Indeed, the administration’s refusal to engage student protestors on their ground is not unusual – it is in fact par for the course. The administration usually excels at co-opting and appeasing student protest by attempting to express support on its own terms, and thus stripping power and momentum from nascent student movements. This occurs through engaging in exhausting but ultimately fruitless long-term negotiations, patronizing students, and working to prevent the formation of strong coalitions. In my time at Amherst, half a dozen student movements have started and failed due to student busyness and, most crucially, administrative appeasement tactics.

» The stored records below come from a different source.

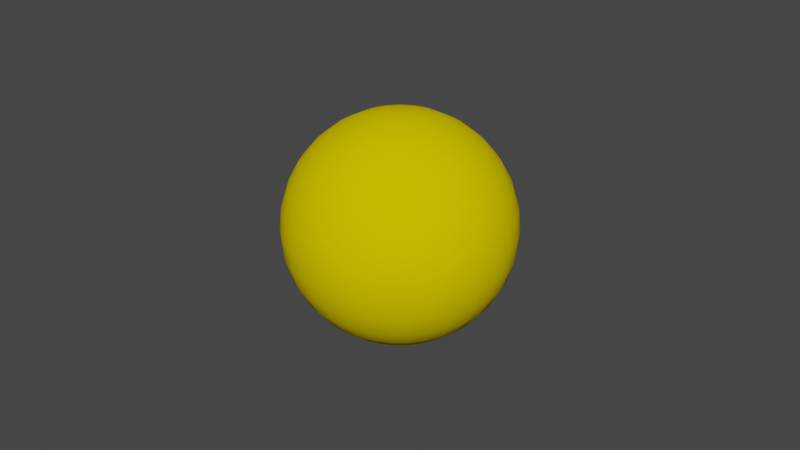 # Source: bullet.blend  (saved by Blender 2.93.21; exported with 4.5.12 LTS)
import bpy
from mathutils import Matrix  # noqa: F401  (used for matrix-valued properties, if any)

bpy.ops.wm.read_factory_settings(use_empty=True)
scene = bpy.context.scene
scene.name = 'Scene'

# ---- collections
col_collection = bpy.data.collections.new('Collection'); scene.collection.children.link(col_collection)

# ---- materials (node trees are filled in below, after node groups)
mat_projectile = bpy.data.materials.new('Projectile')
mat_projectile.alpha_threshold = 0.0
mat_projectile.use_transparent_shadow = False
mat_projectile.roughness = 0.5

# ---- material node trees
mat_projectile.use_nodes = True; mat_projectile.node_tree.nodes.clear()
_N = mat_projectile.node_tree.nodes; _L = mat_projectile.node_tree.links
n0 = _N.new('ShaderNodeOutputMaterial'); n0.name = 'Material Output'; n0.location = (300, 300)
n1 = _N.new('ShaderNodeBsdfDiffuse'); n1.name = 'Diffuse BSDF'; n1.location = (10, 300)
n1.inputs[0].default_value = (0.8, 0.6121, 0.0, 1.0)
_L.new(n1.outputs[0], n0.inputs[0])
n0.is_active_output = True

# ---- world
world_world = bpy.data.worlds.new('World'); scene.world = world_world
world_world.use_nodes = True; world_world.node_tree.nodes.clear()
_N = world_world.node_tree.nodes; _L = world_world.node_tree.links
n0 = _N.new('ShaderNodeOutputWorld'); n0.name = 'World Output'; n0.location = (300, 300)
n1 = _N.new('ShaderNodeBackground'); n1.name = 'Background'; n1.location = (10, 300)
n1.inputs[0].default_value = (0.05088, 0.05088, 0.05088, 1.0)
_L.new(n1.outputs[0], n0.inputs[0])
n0.is_active_output = True
world_world.color = (0.05088, 0.05088, 0.05088)
world_world.use_sun_shadow = False
world_world.sun_shadow_jitter_overblur = 0.0

# ---- meshes
me_sphere = bpy.data.meshes.new('Sphere')
me_sphere.from_pydata([(-0.006828, 0.0, 0.03433), (-0.01339, 0.0, 0.03234), (-0.01944, 0.0, 0.0291), (-0.02475, 0.0, 0.02475), (-0.0291, 0.0, 0.01944), (-0.03234, 0.0, 0.01339), (-0.03433, 0.0, 0.006828), (-0.035, 0.0, 2.642e-09), (-0.03433, 0.0, -0.006828), (-0.03234, 0.0, -0.01339), (-0.0291, 0.0, -0.01944), (-0.02475, 0.0, -0.02475), (-0.01944, 0.0, -0.0291), (-0.01339, 0.0, -0.03234), (-0.006828, 0.0, -0.03433), (-0.006697, 0.001332, 0.03433), (-0.01314, 0.002613, 0.03234), (-0.01907, 0.003794, 0.0291), (-0.02427, 0.004828, 0.02475), (-0.02854, 0.005677, 0.01944), (-0.03171, 0.006308, 0.01339), (-0.03367, 0.006697, 0.006828), (-0.03433, 0.006828, 2.642e-09), (-0.03367, 0.006697, -0.006828), (-0.03171, 0.006308, -0.01339), (-0.02854, 0.005677, -0.01944), (-0.02427, 0.004828, -0.02475), (-0.01907, 0.003794, -0.0291), (-0.01314, 0.002613, -0.03234), (-0.006697, 0.001332, -0.03433), (-0.006308, 0.002613, 0.03433), (-0.01237, 0.005126, 0.03234), (-0.01796, 0.007441, 0.0291), (-0.02286, 0.009471, 0.02475), (-0.02689, 0.01114, 0.01944), (-0.02987, 0.01237, 0.01339), (-0.03171, 0.01314, 0.006828), (-0.03234, 0.01339, 2.642e-09), (-0.03171, 0.01314, -0.006828), (-0.02987, 0.01237, -0.01339), (-0.02689, 0.01114, -0.01944), (-0.02286, 0.009471, -0.02475), (-0.01796, 0.007441, -0.0291), (-0.01237, 0.005126, -0.03234), (-0.006308, 0.002613, -0.03433), (-0.005677, 0.003794, 0.03433), (-0.01114, 0.007441, 0.03234), (-0.01617, 0.0108, 0.0291), (-0.02058, 0.01375, 0.02475), (-0.0242, 0.01617, 0.01944), (-0.02689, 0.01796, 0.01339), (-0.02854, 0.01907, 0.006828), (-0.0291, 0.01944, 2.642e-09), (-0.02854, 0.01907, -0.006828), (-0.02689, 0.01796, -0.01339), (-0.0242, 0.01617, -0.01944), (-0.02058, 0.01375, -0.02475), (-0.01617, 0.0108, -0.0291), (-0.01114, 0.007441, -0.03234), (-0.005677, 0.003794, -0.03433), (-0.004828, 0.004828, 0.03433), (-0.009471, 0.009471, 0.03234), (-0.01375, 0.01375, 0.0291), (-0.0175, 0.0175, 0.02475), (-0.02058, 0.02058, 0.01944), (-0.02286, 0.02286, 0.01339), (-0.02427, 0.02427, 0.006828), (-0.02475, 0.02475, 2.642e-09), (-0.02427, 0.02427, -0.006828), (-0.02286, 0.02286, -0.01339), (-0.02058, 0.02058, -0.01944), (-0.0175, 0.0175, -0.02475), (-0.01375, 0.01375, -0.0291), (-0.009471, 0.009471, -0.03234), (-0.004828, 0.004828, -0.03433), (-0.003794, 0.005677, 0.03433), (-0.007441, 0.01114, 0.03234), (-0.0108, 0.01617, 0.0291), (-0.01375, 0.02058, 0.02475), (-0.01617, 0.0242, 0.01944), (-0.01796, 0.02689, 0.01339), (-0.01907, 0.02854, 0.006828), (-0.01944, 0.0291, 2.642e-09), (-0.01907, 0.02854, -0.006828), (-0.01796, 0.02689, -0.01339), (-0.01617, 0.0242, -0.01944), (-0.01375, 0.02058, -0.02475), (-0.0108, 0.01617, -0.0291), (-0.007441, 0.01114, -0.03234), (-0.003794, 0.005677, -0.03433), (-0.002613, 0.006308, 0.03433), (-0.005126, 0.01237, 0.03234), (-0.007441, 0.01796, 0.0291), (-0.009471, 0.02286, 0.02475), (-0.01114, 0.02689, 0.01944), (-0.01237, 0.02987, 0.01339), (-0.01314, 0.03171, 0.006828), (-0.01339, 0.03234, 2.642e-09), (-0.01314, 0.03171, -0.006828), (-0.01237, 0.02987, -0.01339), (-0.01114, 0.02689, -0.01944), (-0.009471, 0.02286, -0.02475), (-0.007441, 0.01796, -0.0291), (-0.005126, 0.01237, -0.03234), (-0.002613, 0.006308, -0.03433), (-0.001332, 0.006697, 0.03433), (-0.002613, 0.01314, 0.03234), (-0.003794, 0.01907, 0.0291), (-0.004828, 0.02427, 0.02475), (-0.005677, 0.02854, 0.01944), (-0.006308, 0.03171, 0.01339), (-0.006697, 0.03367, 0.006828), (-0.006828, 0.03433, 2.642e-09), (-0.006697, 0.03367, -0.006828), (-0.006308, 0.03171, -0.01339), (-0.005677, 0.02854, -0.01944), (-0.004828, 0.02427, -0.02475), (-0.003794, 0.01907, -0.0291), (-0.002613, 0.01314, -0.03234), (-0.001332, 0.006697, -0.03433), (1.143e-08, 0.006828, 0.03433), (1.117e-08, 0.01339, 0.03234), (1.091e-08, 0.01944, 0.0291), (1.117e-08, 0.02475, 0.02475), (1.169e-08, 0.0291, 0.01944), (9.607e-09, 0.03234, 0.01339), (1.378e-08, 0.03433, 0.006828), (1.326e-08, 0.035, 2.642e-09), (1.378e-08, 0.03433, -0.006828), (8.042e-09, 0.03234, -0.01339), (1.169e-08, 0.0291, -0.01944), (1.117e-08, 0.02475, -0.02475), (1.195e-08, 0.01944, -0.0291), (1.065e-08, 0.01339, -0.03234), (1.078e-08, 0.006828, -0.03433), (0.001332, 0.006697, 0.03433), (0.002613, 0.01314, 0.03234), (0.003794, 0.01907, 0.0291), (0.004828, 0.02427, 0.02475), (0.005677, 0.02854, 0.01944), (0.006308, 0.03171, 0.01339), (0.006697, 0.03367, 0.006828), (0.006828, 0.03433, 2.642e-09), (0.006697, 0.03367, -0.006828), (0.006308, 0.03171, -0.01339), (0.005677, 0.02854, -0.01944), (0.004828, 0.02427, -0.02475), (0.003794, 0.01907, -0.0291), (0.002613, 0.01314, -0.03234), (0.001332, 0.006697, -0.03433), (0.002613, 0.006308, 0.03433), (0.005126, 0.01237, 0.03234), (0.007441, 0.01796, 0.0291), (0.009471, 0.02286, 0.02475), (0.01114, 0.02689, 0.01944), (0.01237, 0.02987, 0.01339), (0.01314, 0.03171, 0.006828), (0.01339, 0.03234, 2.642e-09), (0.01314, 0.03171, -0.006828), (0.01237, 0.02987, -0.01339), (0.01114, 0.02689, -0.01944), (0.009471, 0.02286, -0.02475), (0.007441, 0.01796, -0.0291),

Biddy re-emphasized this in an email on Thursday, writing at the start that “I will not respond to yesterday’s list of demands from the protesters on its terms.” This is also reminiscent of Amherst Uprising, when students were cautioned to frame demands as “appeals,” and when Biddy’s Sunday speech was met with widespread approval – despite the fact that she had just rejected all of the movement’s demands.

Much of this is due to our understandable desire to see the administration as our friend, and to work with it on that basis to make Amherst a better place. But, as we have seen time and time again, that is a losing strategy for students – it only works to slow and ultimately destroy once-powerful student movements.

While students must of course work with the administration to affect change, we ought to do it on our terms, as student protestors. Student activists must not be manipulated, and must remember what they are fighting for. Students protesting against apartheid, against the Vietnam War, and against a hundred other injustices in the past century did not treat the administration as their friend, but merely as the authority with which they had to work. We would be making a crucial mistake if we did not do the same.

Amherst College, and the administration that enables it to function, exists to empower and educate us, not to be our friend, and certainly not to haggle us down when the rights, safety, and lives of our fellow students are at risk.